En cela, c’est le contenu même des programmes publicitaires auxquels sont soumis les enfants qui est mis en cause et non le seul temps passé devant la télévision et le comportement sédentaire que cela induit.



Une synthèse de la littérature :


Sachant que le marché enfants est évalué à 40 milliards d’euros en France et que les dépenses alimentaires sont consacrées majoritairement aux aliments malsains, il n’est pas surprenant que les enfants soient une cible privilégiée des entreprises agro-alimentaires et qu’un nombre croissant d’études (théoriques ou expérimentales) porte sur l’impact du marketing sur leurs comportements alimentaires.


Si la recherche s’est longtemps intéressée à l’influence de la publicité télévisée - la télévision restant encore le canal privilégié de la publicité alimentaire - ; elle tend à se diversifier, portant également sur Internet, les réseaux sociaux, les « advergames », les téléphones portables, mais aussi sur des medias plus traditionnels comme le parrainage, les kits pédagogiques distribués en milieu scolaire, les emballages alimentaires; ou encore des techniques marketing spécifiques comme l’utilisation de porte-parole de marque (sportifs, chanteurs, personnages de dessins animés, etc.), d’offres promotionnelles (avec des avantages en argent ou en nature comme l’attribution de cadeaux), ou d’allégations nutritionnelles et de santé.


Les études recensées relèvent de différents champs disciplinaires (marketing, psychologie, sociologie, médecine, etc.), certaines sont théoriques et d’autres intègrent des données expérimentales.


Les neurosciences y tiennent un part grandissante.


En permettant de mettre en lumière la contribution respective des processus conscients et inconscients dans la prise de décision des consommateurs, elles réinterrogent le modèle de «l’homo economicus» au sein des sciences sociales en montrant les limites de la rationalité économique du «consommateur souverain».


Les auteures constatent ainsi que les études parues sont issues d’expertises scientifiques collectives qui mobilisent des chercheurs de multiples disciplines.


En France, elles en recensent quatre majeures : le rapport de l’Institut nationale de la recherche agronomique (Inra) de 2010 sur les comportements alimentaires; le programme de recherche Marco (Marketing to Children and Obesity) financé par l’Agence nationale de la recherche (ANR); le programme «Gouverner les conduites des consommateurs : les cas des politiques de lutte contre l’obésité et de consommation durable», financé par l’ANR (2008-2012); et l’expertise collective de l’Inserm «Inégalités sociales de santé en lien avec l’alimentation et l’activité physique» de 2014.


Le rapport conclut cette première partie sur un constat très clair : le marketing alimentaire influence directement les choix alimentaires des enfants en favorisant leurs préférences pour des produits peu sains.

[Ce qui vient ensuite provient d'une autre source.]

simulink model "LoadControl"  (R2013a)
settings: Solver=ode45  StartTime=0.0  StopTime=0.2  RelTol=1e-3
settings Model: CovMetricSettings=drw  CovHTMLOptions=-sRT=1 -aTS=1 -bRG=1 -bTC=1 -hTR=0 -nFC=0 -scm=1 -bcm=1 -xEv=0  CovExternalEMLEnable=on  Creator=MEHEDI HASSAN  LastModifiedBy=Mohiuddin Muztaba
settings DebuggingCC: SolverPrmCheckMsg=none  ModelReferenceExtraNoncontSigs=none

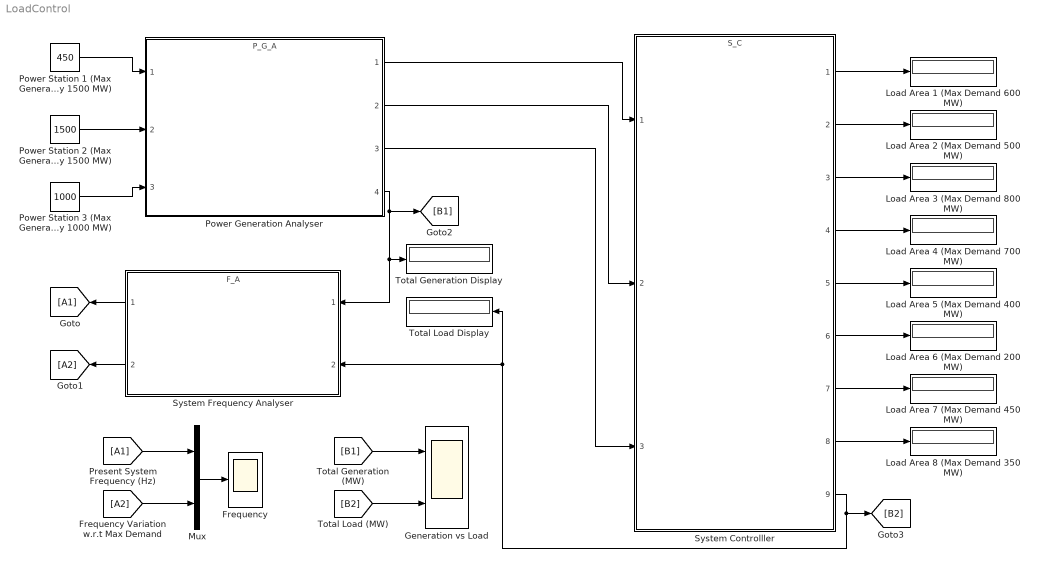
== system LoadControl ==
  Frequency : Scope
      settings: TickLabels=on  ShowLegends=on
  Generation vs Load : Scope  NumInputPorts=2
      settings: ShowLegends=on  YMin=-5~-5  YMax=5~5
  Load Area 1 (Max Demand 600 MW) : Display
  Load Area 2 (Max Demand 500 MW) : Display
  Load Area 3 (Max Demand 800 MW) : Display
  Load Area 4 (Max Demand 700 MW) : Display
  Load Area 5 (Max Demand 400 MW) : Display
  Load Area 6 (Max Demand 200 MW) : Display
  Load Area 7 (Max Demand 450 MW) : Display
  Load Area 8 (Max Demand 350 MW) : Display
  Mux : Mux  Inputs=2
  Power Generation Analyser : ModelReference  ModelNameDialog=P_G_A.slx  SimulationMode=Normal  ModelReferenceVersion=1.15  CopyOfModelName=P_G_A.slx  DefaultDataLogging=on
  Power Station 1 (Max Generation Capacity 1500 MW) : Constant  Value=450
  Power Station 2 (Max Generation Capacity 1500 MW) : Constant  Value=1500
  Power Station 3 (Max Generation Capacity 1000 MW) : Constant  Value=1000
  System Controlller : ModelReference  ModelNameDialog=S_C.slx  SimulationMode=Normal  ModelReferenceVersion=1.12  CopyOfModelName=S_C.slx  DefaultDataLogging=on
  System Frequency Analyser : ModelReference  ModelNameDialog=F_A.slx  SimulationMode=Normal  ModelReferenceVersion=1.5  CopyOfModelName=F_A.slx  DefaultDataLogging=on
  Total Generation Display : Display
  Total Load Display : Display
  wires:
  Power Station 1 (Max Generation Capacity 1500 MW)/1 -> Power Generation Analyser/1
  Power Station 2 (Max Generation Capacity 1500 MW)/1 -> Power Generation Analyser/2
  Power Station 3 (Max Generation Capacity 1000 MW)/1 -> Power Generation Analyser/3
  Power Generation Analyser/1 -> System Controlller/1
  Power Generation Analyser/2 -> System Controlller/2
  Power Generation Analyser/3 -> System Controlller/3
  Mux/1 -> Frequency/1
  Power Generation Analyser/4 -> Total Generation Display/1, System Frequency Analyser/1, [B1]
  System Controlller/9 -> [B2], Total Load Display/1, System Frequency Analyser/2
  System Controlller/1 -> Load Area 1 (Max Demand 600 MW)/1
  System Controlller/2 -> Load Area 2 (Max Demand 500 MW)/1
  System Controlller/3 -> Load Area 3 (Max Demand 800 MW)/1
  System Controlller/4 -> Load Area 4 (Max Demand 700 MW)/1
  System Controlller/5 -> Load Area 5 (Max Demand 400 MW)/1
  System Controlller/6 -> Load Area 6 (Max Demand 200 MW)/1
  System Controlller/7 -> Load Area 7 (Max Demand 450 MW)/1
  System Controlller/8 -> Load Area 8 (Max Demand 350 MW)/1
  System Frequency Analyser/1 -> [A1]
  System Frequency Analyser/2 -> [A2]
  [B1] -> Generation vs Load/1
  [B2] -> Generation vs Load/2
  [A1] -> Mux/1
  [A2] -> Mux/2

Comment le marketing alimentaire a-t-il été réglementé dans le monde ?


Le rapport présente plusieurs expériences étrangères, montrant comment d’autres pays ont encadré juridiquement le marketing alimentaire destiné aux enfants.


Il distingue deux approches : La première qui caractérise notamment la règlementation britannique vise à limiter spécifiquement le marketing pour les produits alimentaires peu sains afin de créer un environnement médiatique susceptible de promouvoir des choix alimentaires plus sains et de lutter ainsi contre l’obésité.


La deuxième approche repose sur une interdiction de toute forme de publicité commerciale pour enfants dans le but de les protéger – en raison de leur crédulité et de leur vulnérabilité particulières – de ses effets délétères.


Une telle approche, qui est notamment en vigueur au Québec, a pour conséquence indirecte de limiter l’exposition des enfants au marketing pour les produits alimentaires peu sains, contribuant ainsi aux objectifs de santé publique.



Les leviers du changement :


Le rapport analyse enfin les arguments susceptibles de justifier la restriction du marketing pour les produits alimentaires peu sain destiné aux enfants et l’adoption de mesures législatives dans ce domaine.


Si certains arguments sont essentiellement économiques, se fondant sur le coût élevé de l’obésité pour la société, d’autres font valoir l’effet de ce marketing sur le creusement des inégalités sociales, ainsi que les atteintes qu’il porte aux droits fondamentaux dont celui à la santé et à une alimentation adéquate.


Le rapport conclut que ces différents leviers du changement doivent donc être conçus comme se renforçant mutuellement : les considérations humaines et économiques peuvent être invoquées ensemble afin de promouvoir la mise en vigueur, en France comme ailleurs, des recommandations de l’OMS et de restreindre ainsi le marketing pour les produits alimentaires peu sains, notamment en direction des enfants.